> **Exercise goal**
Return, word for word, every entry in the listing below, but not its images.
BEGIN Data excerpts
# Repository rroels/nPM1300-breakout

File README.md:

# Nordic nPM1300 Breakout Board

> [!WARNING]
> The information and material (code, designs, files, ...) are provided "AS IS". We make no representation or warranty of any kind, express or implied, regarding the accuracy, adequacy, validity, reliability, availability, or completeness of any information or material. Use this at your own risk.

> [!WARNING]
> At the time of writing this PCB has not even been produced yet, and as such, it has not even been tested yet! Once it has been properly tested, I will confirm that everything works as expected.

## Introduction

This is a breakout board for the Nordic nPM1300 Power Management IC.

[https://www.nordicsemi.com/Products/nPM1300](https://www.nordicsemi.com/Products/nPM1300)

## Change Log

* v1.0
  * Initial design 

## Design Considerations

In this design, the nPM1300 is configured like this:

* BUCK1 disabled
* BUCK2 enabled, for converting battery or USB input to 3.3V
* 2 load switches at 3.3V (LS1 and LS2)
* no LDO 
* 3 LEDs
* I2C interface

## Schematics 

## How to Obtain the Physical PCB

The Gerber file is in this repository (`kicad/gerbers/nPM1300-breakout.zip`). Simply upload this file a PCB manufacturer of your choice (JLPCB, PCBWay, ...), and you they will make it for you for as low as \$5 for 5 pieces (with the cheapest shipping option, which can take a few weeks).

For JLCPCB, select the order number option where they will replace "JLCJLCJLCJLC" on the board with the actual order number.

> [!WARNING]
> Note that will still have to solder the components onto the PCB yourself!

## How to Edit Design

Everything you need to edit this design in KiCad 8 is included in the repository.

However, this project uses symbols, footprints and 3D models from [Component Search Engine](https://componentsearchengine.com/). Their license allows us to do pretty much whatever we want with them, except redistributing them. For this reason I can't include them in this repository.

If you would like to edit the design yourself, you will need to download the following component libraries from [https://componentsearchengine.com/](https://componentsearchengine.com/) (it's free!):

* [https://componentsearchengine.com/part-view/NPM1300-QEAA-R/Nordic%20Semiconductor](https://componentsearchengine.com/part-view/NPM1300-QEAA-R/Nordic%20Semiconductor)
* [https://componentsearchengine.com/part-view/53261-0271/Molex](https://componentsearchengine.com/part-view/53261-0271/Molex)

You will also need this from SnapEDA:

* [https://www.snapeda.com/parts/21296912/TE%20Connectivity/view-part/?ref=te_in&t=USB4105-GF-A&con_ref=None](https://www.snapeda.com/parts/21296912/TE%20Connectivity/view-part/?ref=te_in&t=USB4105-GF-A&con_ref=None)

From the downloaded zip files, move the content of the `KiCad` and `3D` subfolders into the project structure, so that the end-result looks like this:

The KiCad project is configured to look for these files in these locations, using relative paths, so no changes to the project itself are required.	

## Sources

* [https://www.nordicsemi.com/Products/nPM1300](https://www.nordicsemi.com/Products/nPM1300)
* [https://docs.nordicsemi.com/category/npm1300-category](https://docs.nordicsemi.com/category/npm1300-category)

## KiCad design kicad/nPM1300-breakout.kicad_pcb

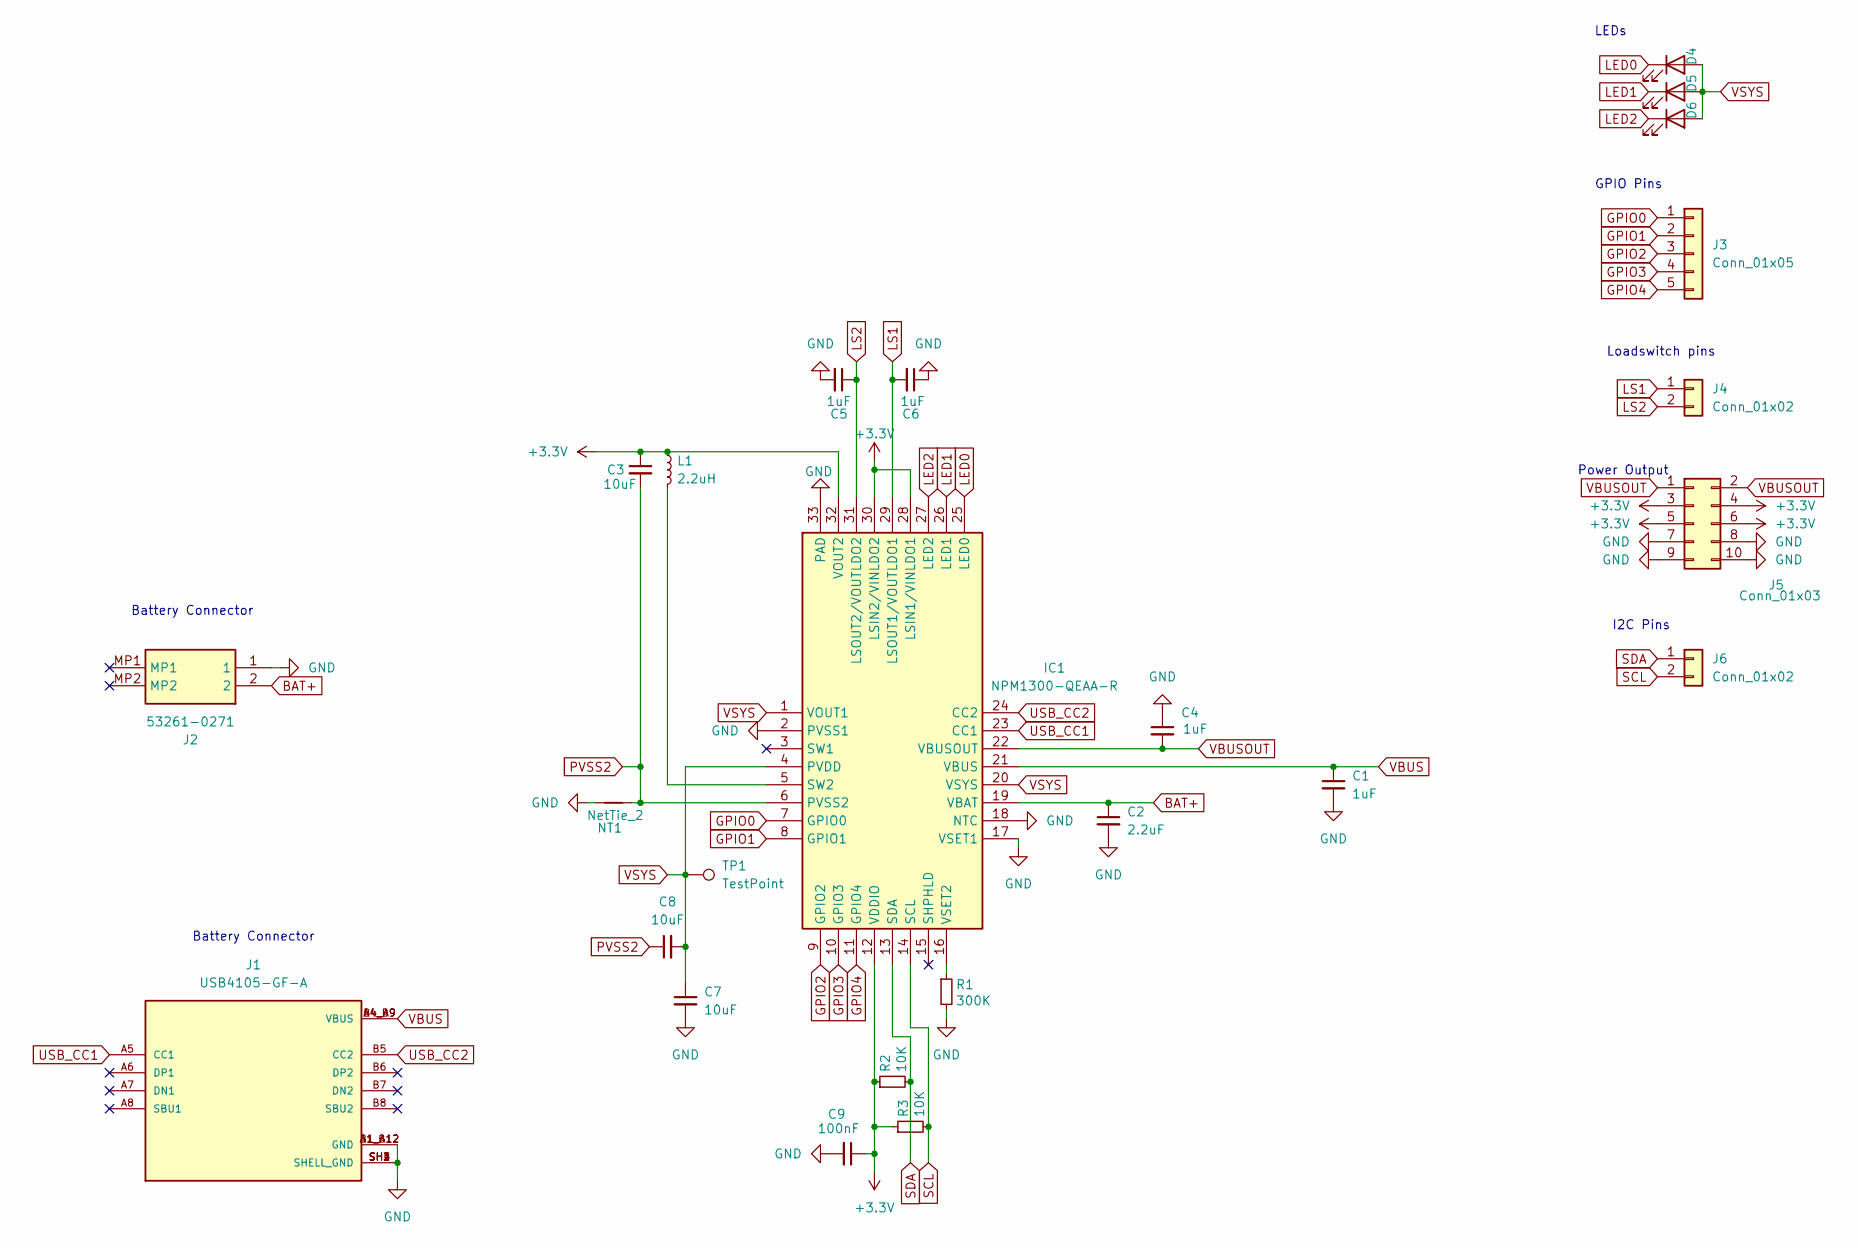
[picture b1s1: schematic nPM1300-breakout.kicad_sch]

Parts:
C1, C4, C5, C6: 1uF; C_0603_1608Metric_Pad1.08x0.95mm_HandSolder
C2: 2.2uF; C_0603_1608Metric_Pad1.08x0.95mm_HandSolder
C3, C7, C8: 10uF; C_0603_1608Metric_Pad1.08x0.95mm_HandSolder
C9: 100nF; C_0603_1608Metric_Pad1.08x0.95mm_HandSolder
D4, D5, D6: LED; LED_0603_1608Metric_Pad1.05x0.95mm_HandSolder
IC1: NPM1300-QEAA-R; QFN50P500X500X90-33N; Manufacturer_Part_Number NPM1300-QEAA-R; Mouser Part Number 949-NPM1300-QEAA-R
J1: USB4105-GF-A; GCT_USB4105-GF-A; PARTREV B4
J2: 53261-0271; 532610271; Manufacturer_Part_Number 53261-0271; Mouser Part Number 538-53261-0271
J3: Conn_01x05; PinHeader_1x05_P2.54mm_Vertical
J4, J6: Conn_01x02; PinHeader_1x02_P2.54mm_Vertical
J5: Conn_01x03; PinHeader_2x05_P2.54mm_Vertical
L1: 2.2uH; L_0805_2012Metric_Pad1.05x1.20mm_HandSolder
NT1: NetTie_2; NetTie-2_SMD_Pad0.5mm
R1: 300K; R_0603_1608Metric_Pad0.98x0.95mm_HandSolder
R2, R3: 10K; R_0603_1608Metric_Pad0.98x0.95mm_HandSolder
TP1: TestPoint; TestPoint_Pad_D1.0mm

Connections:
+3.3V: C3.1, C9.1, IC1.12 (VDDIO), IC1.28 (LSIN1/VINLDO1), IC1.30 (LSIN2/VINLDO2), IC1.32 (VOUT2), J5.3, J5.4, J5.5, J5.6, L1.1, R2.1, R3.1
BAT+: C2.1, IC1.19 (VBAT), J2.2
GND: C1.2, C2.2, C4.1, C5.2, C6.1, C7.2, C9.2, IC1.2 (PVSS1), IC1.17 (VSET1), IC1.18 (NTC), IC1.33 (PAD), J1.A1_B12 (GND), J1.B1_A12 (GND), J1.SH1 (SHELL_GND), J1.SH2 (SHELL_GND), J1.SH3 (SHELL_GND), J1.SH4 (SHELL_GND), J2.1, J5.7, J5.8, J5.9, J5.10, NT1.1, R1.2
GPIO0: IC1.7 (GPIO0), J3.1
GPIO1: IC1.8 (GPIO1), J3.2
GPIO2: IC1.9 (GPIO2), J3.3
GPIO3: IC1.10 (GPIO3), J3.4
GPIO4: IC1.11 (GPIO4), J3.5
LED0: D4.1 (K), IC1.25 (LED0)
LED1: D5.1 (K), IC1.26 (LED1)
LED2: D6.1 (K), IC1.27 (LED2)
LS1: C6.2, IC1.29 (LSOUT1/VOUTLDO1), J4.1
LS2: C5.1, IC1.31 (LSOUT2/VOUTLDO2), J4.2
unnamed: IC1.5 (SW2), L1.2
unnamed: IC1.16 (VSET2), R1.1
PVSS2: C3.2, C8.1, IC1.6 (PVSS2), NT1.2
SCL: IC1.14 (SCL), J6.2, R3.2
SDA: IC1.13 (SDA), J6.1, R2.2
USB_CC1: IC1.23 (CC1), J1.A5 (CC1)
USB_CC2: IC1.24 (CC2), J1.B5 (CC2)
VBUS: C1.1, IC1.21 (VBUS), J1.A4_B9 (VBUS), J1.B4_A9 (VBUS)
VBUSOUT: C4.2, IC1.22 (VBUSOUT), J5.1, J5.2
VSYS: C7.1, C8.2, D4.2 (A), D5.2 (A), D6.2 (A), IC1.1 (VOUT1), IC1.4 (PVDD), IC1.20 (VSYS), TP1.1; also elsewhere on the board

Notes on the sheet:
Battery Connector
GPIO Pins
Power Output
LEDs
I2C Pins
Loadswitch pins

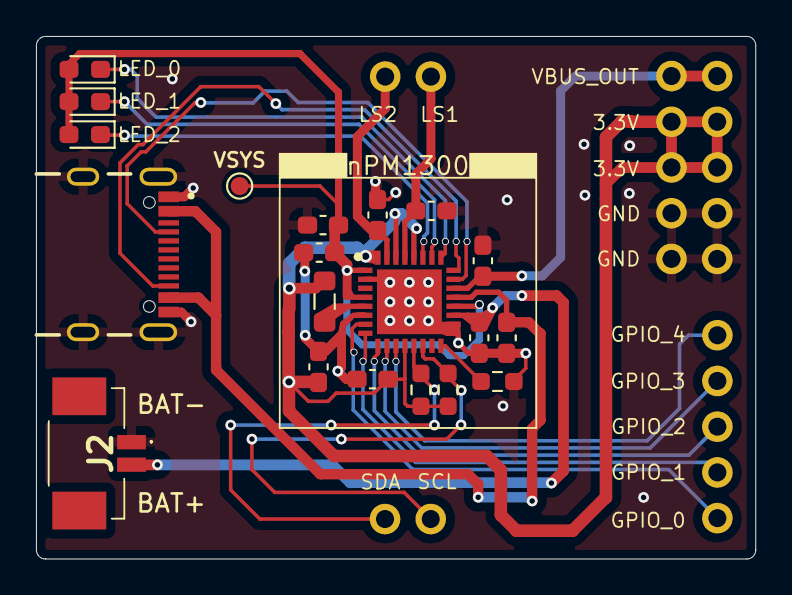
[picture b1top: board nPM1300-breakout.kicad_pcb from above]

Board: 2 copper layers, 40.0 x 29.0 mm, 25 parts (0 on the bottom side), 23 nets.

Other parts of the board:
VSYS: TestPoint; TestPoint_Pad_D1.0mm

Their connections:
VSYS: VSYS.1; also elsewhere on the board
END Data excerpts
> **Completed exercise**
# Repository rroels/nPM1300-breakout

File README.md:

# Nordic nPM1300 Breakout Board

> [!WARNING]
> The information and material (code, designs, files, ...) are provided "AS IS". We make no representation or warranty of any kind, express or implied, regarding the accuracy, adequacy, validity, reliability, availability, or completeness of any information or material. Use this at your own risk.

> [!WARNING]
> At the time of writing this PCB has not even been produced yet, and as such, it has not even been tested yet! Once it has been properly tested, I will confirm that everything works as expected.

## Introduction

This is a breakout board for the Nordic nPM1300 Power Management IC.

[https://www.nordicsemi.com/Products/nPM1300](https://www.nordicsemi.com/Products/nPM1300)

## Change Log

* v1.0
  * Initial design 

## Design Considerations

In this design, the nPM1300 is configured like this:

* BUCK1 disabled
* BUCK2 enabled, for converting battery or USB input to 3.3V
* 2 load switches at 3.3V (LS1 and LS2)
* no LDO 
* 3 LEDs
* I2C interface

## Schematics 

## How to Obtain the Physical PCB

The Gerber file is in this repository (`kicad/gerbers/nPM1300-breakout.zip`). Simply upload this file a PCB manufacturer of your choice (JLPCB, PCBWay, ...), and you they will make it for you for as low as \$5 for 5 pieces (with the cheapest shipping option, which can take a few weeks).

For JLCPCB, select the order number option where they will replace "JLCJLCJLCJLC" on the board with the actual order number.

> [!WARNING]
> Note that will still have to solder the components onto the PCB yourself!

## How to Edit Design

Everything you need to edit this design in KiCad 8 is included in the repository.

However, this project uses symbols, footprints and 3D models from [Component Search Engine](https://componentsearchengine.com/). Their license allows us to do pretty much whatever we want with them, except redistributing them. For this reason I can't include them in this repository.

If you would like to edit the design yourself, you will need to download the following component libraries from [https://componentsearchengine.com/](https://componentsearchengine.com/) (it's free!):

* [https://componentsearchengine.com/part-view/NPM1300-QEAA-R/Nordic%20Semiconductor](https://componentsearchengine.com/part-view/NPM1300-QEAA-R/Nordic%20Semiconductor)
* [https://componentsearchengine.com/part-view/53261-0271/Molex](https://componentsearchengine.com/part-view/53261-0271/Molex)

You will also need this from SnapEDA:

* [https://www.snapeda.com/parts/21296912/TE%20Connectivity/view-part/?ref=te_in&t=USB4105-GF-A&con_ref=None](https://www.snapeda.com/parts/21296912/TE%20Connectivity/view-part/?ref=te_in&t=USB4105-GF-A&con_ref=None)

From the downloaded zip files, move the content of the `KiCad` and `3D` subfolders into the project structure, so that the end-result looks like this:

The KiCad project is configured to look for these files in these locations, using relative paths, so no changes to the project itself are required.	

## Sources

* [https://www.nordicsemi.com/Products/nPM1300](https://www.nordicsemi.com/Products/nPM1300)
* [https://docs.nordicsemi.com/category/npm1300-category](https://docs.nordicsemi.com/category/npm1300-category)

## KiCad design kicad/nPM1300-breakout.kicad_pcb

[picture b1s1: schematic nPM1300-breakout.kicad_sch]

Parts:
C1, C4, C5, C6: 1uF; C_0603_1608Metric_Pad1.08x0.95mm_HandSolder
C2: 2.2uF; C_0603_1608Metric_Pad1.08x0.95mm_HandSolder
C3, C7, C8: 10uF; C_0603_1608Metric_Pad1.08x0.95mm_HandSolder
C9: 100nF; C_0603_1608Metric_Pad1.08x0.95mm_HandSolder
D4, D5, D6: LED; LED_0603_1608Metric_Pad1.05x0.95mm_HandSolder
IC1: NPM1300-QEAA-R; QFN50P500X500X90-33N; Manufacturer_Part_Number NPM1300-QEAA-R; Mouser Part Number 949-NPM1300-QEAA-R
J1: USB4105-GF-A; GCT_USB4105-GF-A; PARTREV B4
J2: 53261-0271; 532610271; Manufacturer_Part_Number 53261-0271; Mouser Part Number 538-53261-0271
J3: Conn_01x05; PinHeader_1x05_P2.54mm_Vertical
J4, J6: Conn_01x02; PinHeader_1x02_P2.54mm_Vertical
J5: Conn_01x03; PinHeader_2x05_P2.54mm_Vertical
L1: 2.2uH; L_0805_2012Metric_Pad1.05x1.20mm_HandSolder
NT1: NetTie_2; NetTie-2_SMD_Pad0.5mm
R1: 300K; R_0603_1608Metric_Pad0.98x0.95mm_HandSolder
R2, R3: 10K; R_0603_1608Metric_Pad0.98x0.95mm_HandSolder
TP1: TestPoint; TestPoint_Pad_D1.0mm

Connections:
+3.3V: C3.1, C9.1, IC1.12 (VDDIO), IC1.28 (LSIN1/VINLDO1), IC1.30 (LSIN2/VINLDO2), IC1.32 (VOUT2), J5.3, J5.4, J5.5, J5.6, L1.1, R2.1, R3.1
BAT+: C2.1, IC1.19 (VBAT), J2.2
GND: C1.2, C2.2, C4.1, C5.2, C6.1, C7.2, C9.2, IC1.2 (PVSS1), IC1.17 (VSET1), IC1.18 (NTC), IC1.33 (PAD), J1.A1_B12 (GND), J1.B1_A12 (GND), J1.SH1 (SHELL_GND), J1.SH2 (SHELL_GND), J1.SH3 (SHELL_GND), J1.SH4 (SHELL_GND), J2.1, J5.7, J5.8, J5.9, J5.10, NT1.1, R1.2
GPIO0: IC1.7 (GPIO0), J3.1
GPIO1: IC1.8 (GPIO1), J3.2
GPIO2: IC1.9 (GPIO2), J3.3
GPIO3: IC1.10 (GPIO3), J3.4
GPIO4: IC1.11 (GPIO4), J3.5
LED0: D4.1 (K), IC1.25 (LED0)
LED1: D5.1 (K), IC1.26 (LED1)
LED2: D6.1 (K), IC1.27 (LED2)
LS1: C6.2, IC1.29 (LSOUT1/VOUTLDO1), J4.1
LS2: C5.1, IC1.31 (LSOUT2/VOUTLDO2), J4.2
unnamed: IC1.5 (SW2), L1.2
unnamed: IC1.16 (VSET2), R1.1
PVSS2: C3.2, C8.1, IC1.6 (PVSS2), NT1.2
SCL: IC1.14 (SCL), J6.2, R3.2
SDA: IC1.13 (SDA), J6.1, R2.2
USB_CC1: IC1.23 (CC1), J1.A5 (CC1)
USB_CC2: IC1.24 (CC2), J1.B5 (CC2)
VBUS: C1.1, IC1.21 (VBUS), J1.A4_B9 (VBUS), J1.B4_A9 (VBUS)
VBUSOUT: C4.2, IC1.22 (VBUSOUT), J5.1, J5.2
VSYS: C7.1, C8.2, D4.2 (A), D5.2 (A), D6.2 (A), IC1.1 (VOUT1), IC1.4 (PVDD), IC1.20 (VSYS), TP1.1; also elsewhere on the board

Notes on the sheet:
Battery Connector
GPIO Pins
Power Output
LEDs
I2C Pins
Loadswitch pins

[picture b1top: board nPM1300-breakout.kicad_pcb from above]

Board: 2 copper layers, 40.0 x 29.0 mm, 25 parts (0 on the bottom side), 23 nets.

Other parts of the board:
VSYS: TestPoint; TestPoint_Pad_D1.0mm

Their connections:
VSYS: VSYS.1; also elsewhere on the board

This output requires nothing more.